Note the 52-year-old mother, demonstrating judo to her daughter by flipping her husband. Torn left knee.
Other cases: The 25-year-old man demonstrating to children how to climb on monkey bars when his shoulder “snapped.” Or the 16-year-old demonstrating a softball technique who stepped on a rake that smacked her in the forehead.
Or the 55-year-old woman showing her grandson how to use a pogo stick – she fell and smacked her head.
And finally, the ER doc’s favorite story:
Peckler at Tampa General marvels at accidents that should have been fatal but weren’t.
His favorite case: the man who was supposed to be watching his 3-year-old, but decided to change his car’s oil in the driveway. Seeking a safe holding area, Dad put the child in the car and crawled underneath to drain the oil.

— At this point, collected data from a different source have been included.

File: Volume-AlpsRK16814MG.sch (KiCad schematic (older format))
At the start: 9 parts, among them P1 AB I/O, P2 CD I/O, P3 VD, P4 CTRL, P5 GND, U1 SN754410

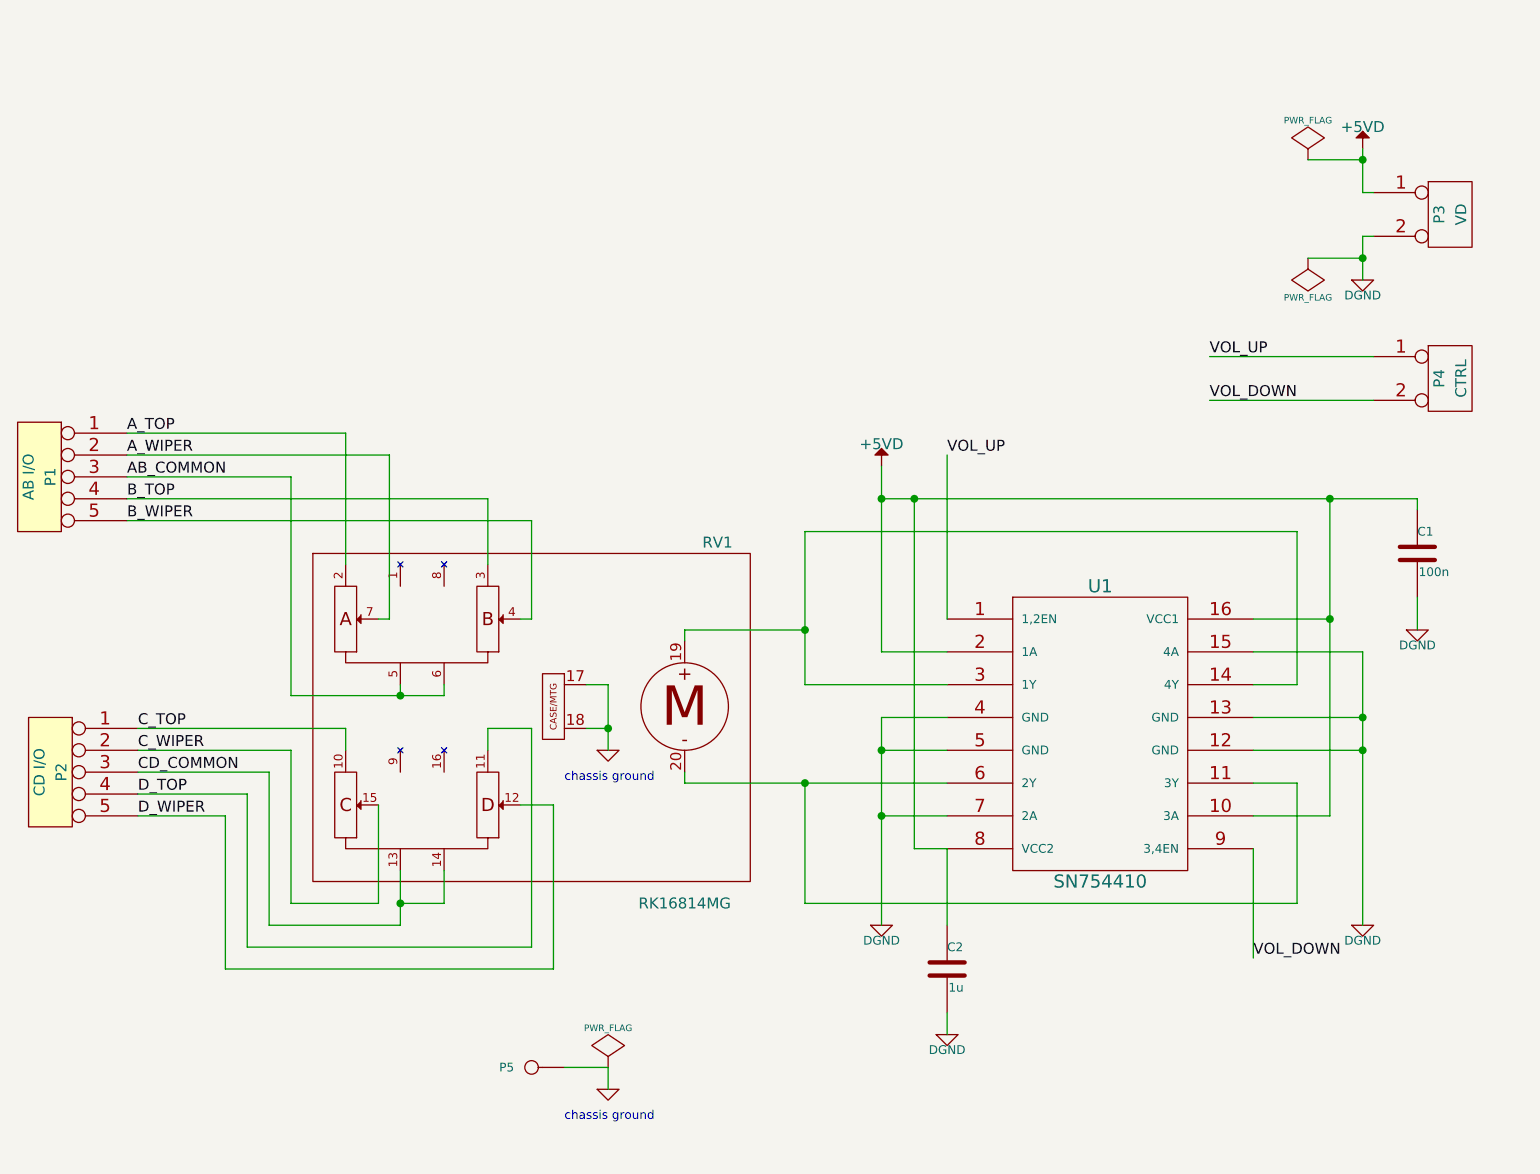
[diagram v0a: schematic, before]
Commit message: Silkscreen optimizations. Added license to silkscreen.
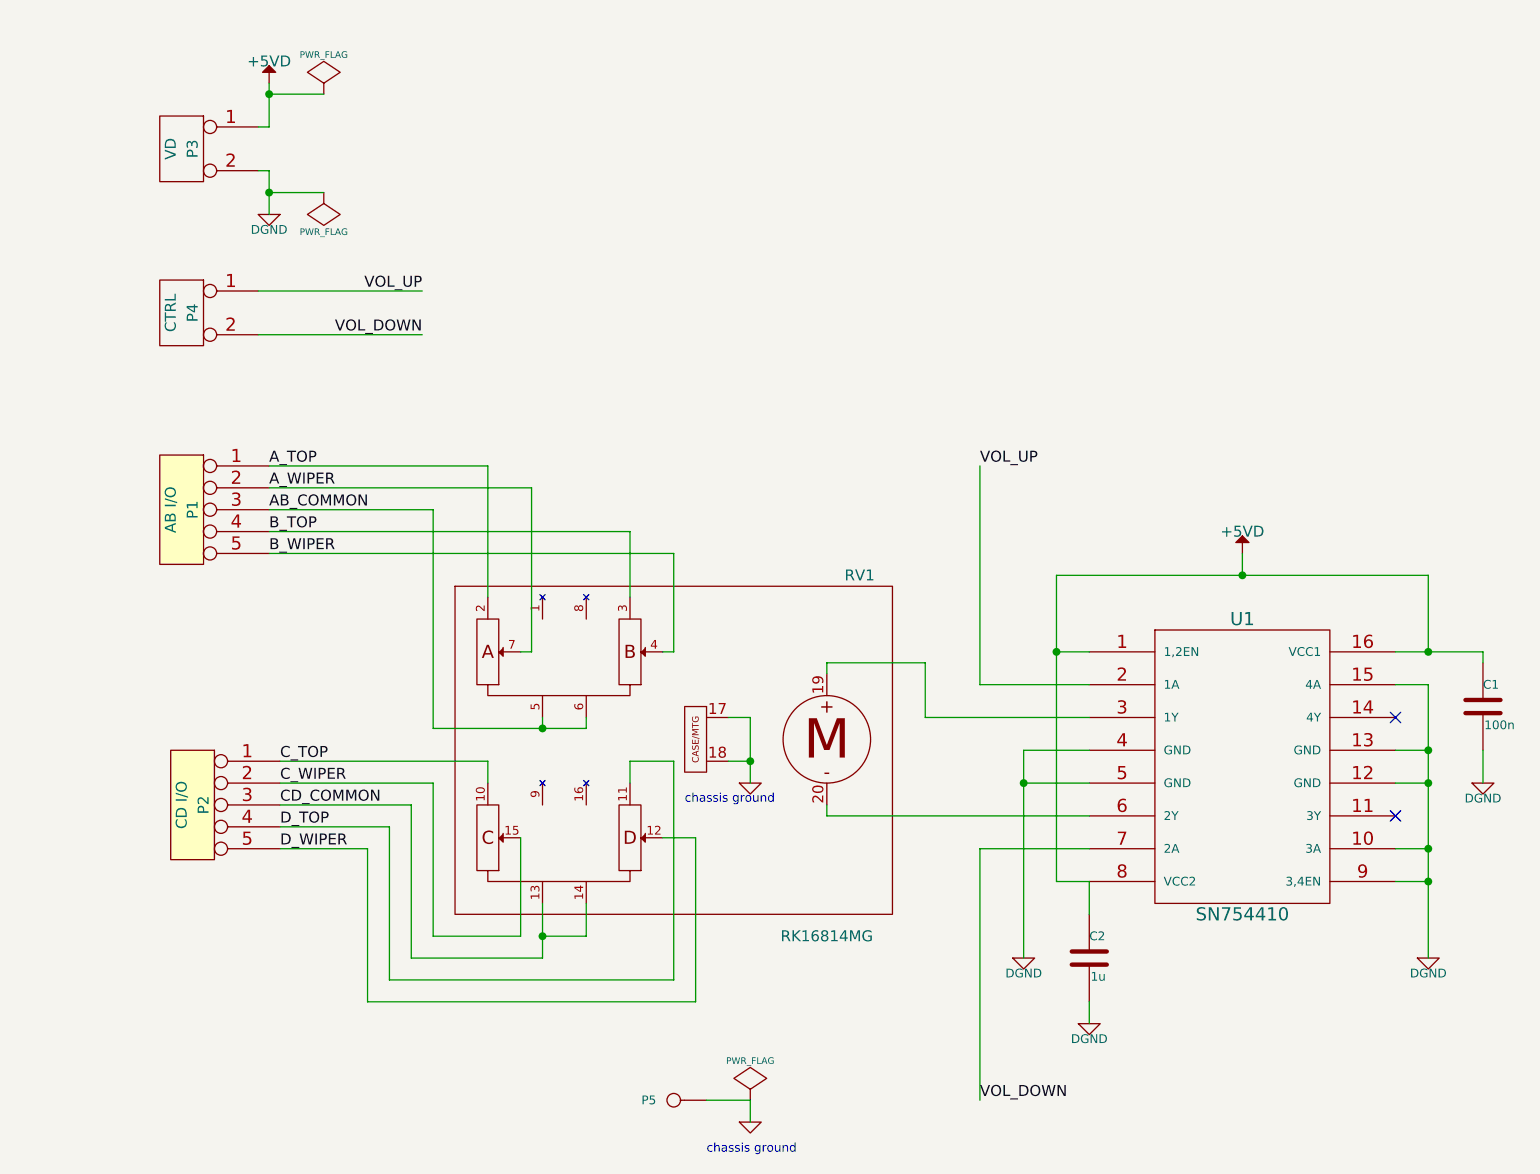
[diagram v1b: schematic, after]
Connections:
- net +5VD: now also U1.1 (1,2EN); no longer U1.10 (3A), U1.2 (1A)
- net DGND: now also U1.10 (3A), U1.9 (3,4EN); no longer U1.7 (2A)
- net VOL_DOWN: now also U1.7 (2A); no longer U1.9 (3,4EN)
- net VOL_UP: now also U1.2 (1A); no longer U1.1 (1,2EN)
- net at RV1.20 (Vmotor-), U1.6 (2Y): no longer U1.11 (3Y)
- net at RV1.19 (Vmotor+), U1.3 (1Y): no longer U1.14 (4Y)
- no-connect marks 0 -> 2
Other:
- moved on the sheet: C1, C2, P1, P2, P3, P4, P5, RV1, U1

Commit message: Schematic changes for independent motor drive voltage.
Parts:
- removed P3: VD, mfk-TE_282834-2, symbol CONN_2
- added P3: V, symbol CONN_3
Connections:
- net +5VD: now also P3.2 (PM); no longer C2.1, U1.8 (VCC2)
- net DGND: now also P3.3 (P3)
- new net V_MOTOR: C2.1, P3.1 (P1), U1.8 (VCC2)
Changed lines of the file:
@@
 Sheet 1 1
 Title "ALPS RK16816MG with H-bridge"
-Date "24 mar 2015"
+Date "3 apr 2015"
 Rev ""
 Comp "Mithat Konar"
@@
 L DGND #PWR02
 U 1 1 550CA86E
-P 6600 5500
-F 0 "#PWR02" H 6600 5500 40  0001 C CNN
-F 1 "DGND" H 6600 5430 40  0000 C CNN
-F 2 "" H 6600 5500 60  0000 C CNN
-F 3 "" H 6600 5500 60  0000 C CNN
-	1    6600 5500
+P 6600 5300
+F 0 "#PWR02" H 6600 5300 40  0001 C CNN
+F 1 "DGND" H 6600 5230 40  0000 C CNN
+F 2 "" H 6600 5300 60  0000 C CNN
+F 3 "" H 6600 5300 60  0000 C CNN
+	1    6600 5300
 	1    0    0    -1
 $EndComp
@@
 	6900 4550 6600 4550
 Wire Wire Line
-	6600 4550 6600 5500
+	6600 4550 6600 5300
 Wire Wire Line
 	6900 4700 6600 4700
@@
 Wire Wire Line
 	6750 5150 6900 5150
-Wire Wire Line
-	6750 3750 6750 5150
 $Comp
 L C C1
@@
 Wire Wire Line
 	8700 4700 8700 4550
-Text Label 6400 3250 0    50   ~ 0
+Text Label 6400 3250 3    50   ~ 0
 VOL_UP
-Text Label 6400 6150 0    50   ~ 0
+Text Label 6400 6150 1    50   ~ 0
 VOL_DOWN
 $Comp
@@
 $EndComp
 Wire Wire Line
-	3150 1700 3100 1700
-Wire Wire Line
-	3150 1500 3150 1700
+	3650 1350 3650 1800
 Wire Wire Line
 	3100 2450 3850 2450
@@
 L PWR_FLAG #FLG06
 U 1 1 550CB3CC
-P 3400 1550
-F 0 "#FLG06" H 3400 1645 30  0001 C CNN
-F 1 "PWR_FLAG" H 3400 1730 30  0000 C CNN
-F 2 "" H 3400 1550 60  0000 C CNN
-F 3 "" H 3400 1550 60  0000 C CNN
-	1    3400 1550
+P 3900 1650
+F 0 "#FLG06" H 3900 1745 30  0001 C CNN
+F 1 "PWR_FLAG" H 3900 1830 30  0000 C CNN
+F 2 "" H 3900 1650 60  0000 C CNN
+F 3 "" H 3900 1650 60  0000 C CNN
+	1    3900 1650
 	-1   0    0    -1
 $EndComp
@@
 	3150 1900 3150 2100
 Wire Wire Line
-	3400 1550 3150 1550
-Connection ~ 3150 1550
+	3900 1650 3650 1650
+Connection ~ 3650 1650
 Wire Wire Line
 	3400 2000 3150 2000
 Connection ~ 3150 2000
-$Comp
-L CONN_2 P3
-U 1 1 550CCC99
-P 2750 1800
-F 0 "P3" V 2700 1800 50  0000 C CNN
-F 1 "VD" V 2800 1800 50  0000 C CNN
-F 2 "mfk-TE_282834-2" H 2750 1800 60  0001 C CNN
-F 3 "" H 2750 1800 60  0000 C CNN
-	1    2750 1800
-	-1   0    0    -1
-$EndComp
 $Comp
 L CONN_2 P4
@@
 L +5VD #PWR08
 U 1 1 550CE733
-P 3150 1500
-F 0 "#PWR08" H 3150 1450 20  0001 C CNN
-F 1 "+5VD" H 3150 1600 50  0000 C CNN
-F 2 "" H 3150 1500 60  0000 C CNN
-F 3 "" H 3150 1500 60  0000 C CNN
-	1    3150 1500
+P 3650 1350
+F 0 "#PWR08" H 3650 1300 20  0001 C CNN
+F 1 "+5VD" H 3650 1450 50  0000 C CNN
+F 2 "" H 3650 1350 60  0000 C CNN
+F 3 "" H 3650 1350 60  0000 C CNN
+	1    3650 1350
 	-1   0    0    -1
 $EndComp
@@
 63 98 05 E1 6B C4 72 91 8E EA 95 27 8C 4B 0B 6B 30 6B 95 2D 08 DF 47 79 14 D8 40 20 A9 90 96 2D
 E1 E7 3D C6 74 F3 E0 6E B9 00 E4 0E CC EC 2A 00 9E 03 F9 2E 43 53 93 3B E7 B1 3D FE 0F E4 2C B5
-B8 3A B8 3B 5D 00 00 00 00 49 45 4E 44 AE 42 60 82 30 $EndBitmap
+B8 3A B8 3B 5D 00 00 00 00 49 45 4E 44 AE 42 60 82 69 $EndBitmap
 EndData
 $EndBitmap
@@
 Wire Wire Line
 	6900 4100 6750 4100
-Connection ~ 6750 4100
 Wire Wire Line
 	6150 4150 6150 4400
@@
 Wire Wire Line
 	6400 5000 6400 6150
+$Comp
+L CONN_3 P3
+U 1 1 551F2247
+P 2750 1800
+F 0 "P3" V 2700 1800 50  0000 C CNN
+F 1 "V" V 2800 1800 40  0000 C CNN
+F 2 "" H 2750 1800 60  0000 C CNN
+F 3 "" H 2750 1800 60  0000 C CNN
+	1    2750 1800
+	-1   0    0    -1
+$EndComp
+Wire Wire Line
+	3650 1800 3100 1800
+Wire Wire Line
+	3100 1700 3350 1700
+Wire Wire Line
+	3150 1250 3150 1700
+Text Label 3150 1250 3    60   ~ 0
+V_MOTOR
+Wire Wire Line
+	6750 4100 6750 3750
+Wire Wire Line
+	6750 5150 6750 6150
+Text Label 6750 6150 1    60   ~ 0
+V_MOTOR
+$Comp
+L PWR_FLAG #FLG013
+U 1 1 551F243F
+P 3350 1650
+F 0 "#FLG013" H 3350 1745 30  0001 C CNN
+F 1 "PWR_FLAG" H 3350 1830 30  0000 C CNN
+F 2 "" H 3350 1650 60  0000 C CNN
+F 3 "" H 3350 1650 60  0000 C CNN
+	1    3350 1650
+	-1   0    0    -1
+$EndComp
+Connection ~ 3150 1700
+Wire Wire Line
+	3350 1700 3350 1650
 $EndSCHEMATC

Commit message: Added jumper to connect motor and digital supplies to schematic; PCB updated.
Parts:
- added J1: PWR_BR, mfk-SIL-2, symbol JUMPER
- P3: value V -> PWR; footprint (none) -> mfk-TE_282834-3
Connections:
- net +5VD: now also J1.1
- net V_MOTOR renamed V_MOT
- net V_MOT: now also J1.2
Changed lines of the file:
@@
 Sheet 1 1
 Title "ALPS RK16816MG with H-bridge"
-Date "3 apr 2015"
+Date "4 apr 2015"
 Rev ""
 Comp "Mithat Konar"
@@
 63 98 05 E1 6B C4 72 91 8E EA 95 27 8C 4B 0B 6B 30 6B 95 2D 08 DF 47 79 14 D8 40 20 A9 90 96 2D
 E1 E7 3D C6 74 F3 E0 6E B9 00 E4 0E CC EC 2A 00 9E 03 F9 2E 43 53 93 3B E7 B1 3D FE 0F E4 2C B5
-B8 3A B8 3B 5D 00 00 00 00 49 45 4E 44 AE 42 60 82 69 $EndBitmap
+B8 3A B8 3B 5D 00 00 00 00 49 45 4E 44 AE 42 60 82 14 $EndBitmap
 EndData
 $EndBitmap
@@
 P 2750 1800
 F 0 "P3" V 2700 1800 50  0000 C CNN
-F 1 "V" V 2800 1800 40  0000 C CNN
-F 2 "" H 2750 1800 60  0000 C CNN
+F 1 "PWR" V 2800 1800 40  0000 C CNN
+F 2 "mfk-TE_282834-3" H 2750 1800 60  0001 C CNN
 F 3 "" H 2750 1800 60  0000 C CNN
 	1    2750 1800
@@
 	3150 1250 3150 1700
 Text Label 3150 1250 3    60   ~ 0
-V_MOTOR
+V_MOT
 Wire Wire Line
 	6750 4100 6750 3750
@@
 	6750 5150 6750 6150
 Text Label 6750 6150 1    60   ~ 0
-V_MOTOR
+V_MOT
 $Comp
 L PWR_FLAG #FLG013
@@
 Wire Wire Line
 	3350 1700 3350 1650
+$Comp
+L JUMPER J1
+U 1 1 552023B1
+P 4750 1800
+F 0 "J1" H 4750 1950 60  0000 C CNN
+F 1 "PWR_BR" H 4750 1720 40  0000 C CNN
+F 2 "mfk-SIL-2" H 4750 1800 60  0001 C CNN
+F 3 "~" H 4750 1800 60  0000 C CNN
+	1    4750 1800
+	1    0    0    -1
+$EndComp
+$Comp
+L +5VD #PWR014
+U 1 1 552023F3
+P 4400 1450
+F 0 "#PWR014" H 4400 1400 20  0001 C CNN
+F 1 "+5VD" H 4400 1550 50  0000 C CNN
+F 2 "" H 4400 1450 60  0000 C CNN
+F 3 "" H 4400 1450 60  0000 C CNN
+	1    4400 1450
+	-1   0    0    -1
+$EndComp
+Wire Wire Line
+	4450 1800 4400 1800
+Wire Wire Line
+	4400 1800 4400 1450
+Text Label 5100 1350 3    60   ~ 0
+V_MOT
+Wire Wire Line
+	5050 1800 5100 1800
+Wire Wire Line
+	5100 1800 5100 1350
 $EndSCHEMATC

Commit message: .gitignore ignores top-level zip, png, and svg files. Added docs dir.
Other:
- note added: "Use jumper to power motor from +5VD."
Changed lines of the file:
@@
 63 98 05 E1 6B C4 72 91 8E EA 95 27 8C 4B 0B 6B 30 6B 95 2D 08 DF 47 79 14 D8 40 20 A9 90 96 2D
 E1 E7 3D C6 74 F3 E0 6E B9 00 E4 0E CC EC 2A 00 9E 03 F9 2E 43 53 93 3B E7 B1 3D FE 0F E4 2C B5
-B8 3A B8 3B 5D 00 00 00 00 49 45 4E 44 AE 42 60 82 14 $EndBitmap
+B8 3A B8 3B 5D 00 00 00 00 49 45 4E 44 AE 42 60 82 AC $EndBitmap
 EndData
 $EndBitmap
@@
 Wire Wire Line
 	5100 1800 5100 1350
+Text Notes 4000 2000 0    60   ~ 0
+Use jumper to power motor from +5VD.
 $EndSCHEMATC

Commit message: Changed labels on PCB and schematic so names are consistent. Readme tweak.
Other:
- note added: "CHASSIS GND"
- note removed: "chassis ground"
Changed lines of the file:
@@
 Sheet 1 1
 Title "ALPS RK16816MG with H-bridge"
-Date "4 apr 2015"
+Date "9 apr 2015"
 Rev ""
 Comp "Mithat Konar"
@@
 63 98 05 E1 6B C4 72 91 8E EA 95 27 8C 4B 0B 6B 30 6B 95 2D 08 DF 47 79 14 D8 40 20 A9 90 96 2D
 E1 E7 3D C6 74 F3 E0 6E B9 00 E4 0E CC EC 2A 00 9E 03 F9 2E 43 53 93 3B E7 B1 3D FE 0F E4 2C B5
-B8 3A B8 3B 5D 00 00 00 00 49 45 4E 44 AE 42 60 82 AC $EndBitmap
+B8 3A B8 3B 5D 00 00 00 00 49 45 4E 44 AE 42 60 82 33 $EndBitmap
 EndData
 $EndBitmap
@@
 	5350 4400 5350 4700
 Connection ~ 5350 4600
-Text Notes 5050 4800 0    40   ~ 0
-chassis ground
+Text Notes 5150 4850 0    40   ~ 0
+CHASSIS GND
 $Comp
 L GND #PWR010
@@
 $EndComp
 Text Notes 5150 6400 0    40   ~ 0
-chassis ground
+CHASSIS GND
 $Comp
 L PWR_FLAG #FLG011

The child knocked the gear shift from park to neutral, and the car’s tire rolled over the man’s chest.
He suffered no major injuries, Peckler said. But how could anyone survive?
Peckler shrugged and said, “God’s strong love for fools.”
Indeed. Just be careful next time you hear someone say, “Watch this.” Maybe you should get the phone ready to dial 9-1-1. Then again, after reading how inclined some folks are to hurt themselves while using the phone, perhaps a better response to “Watch this.” would be “No thanks.”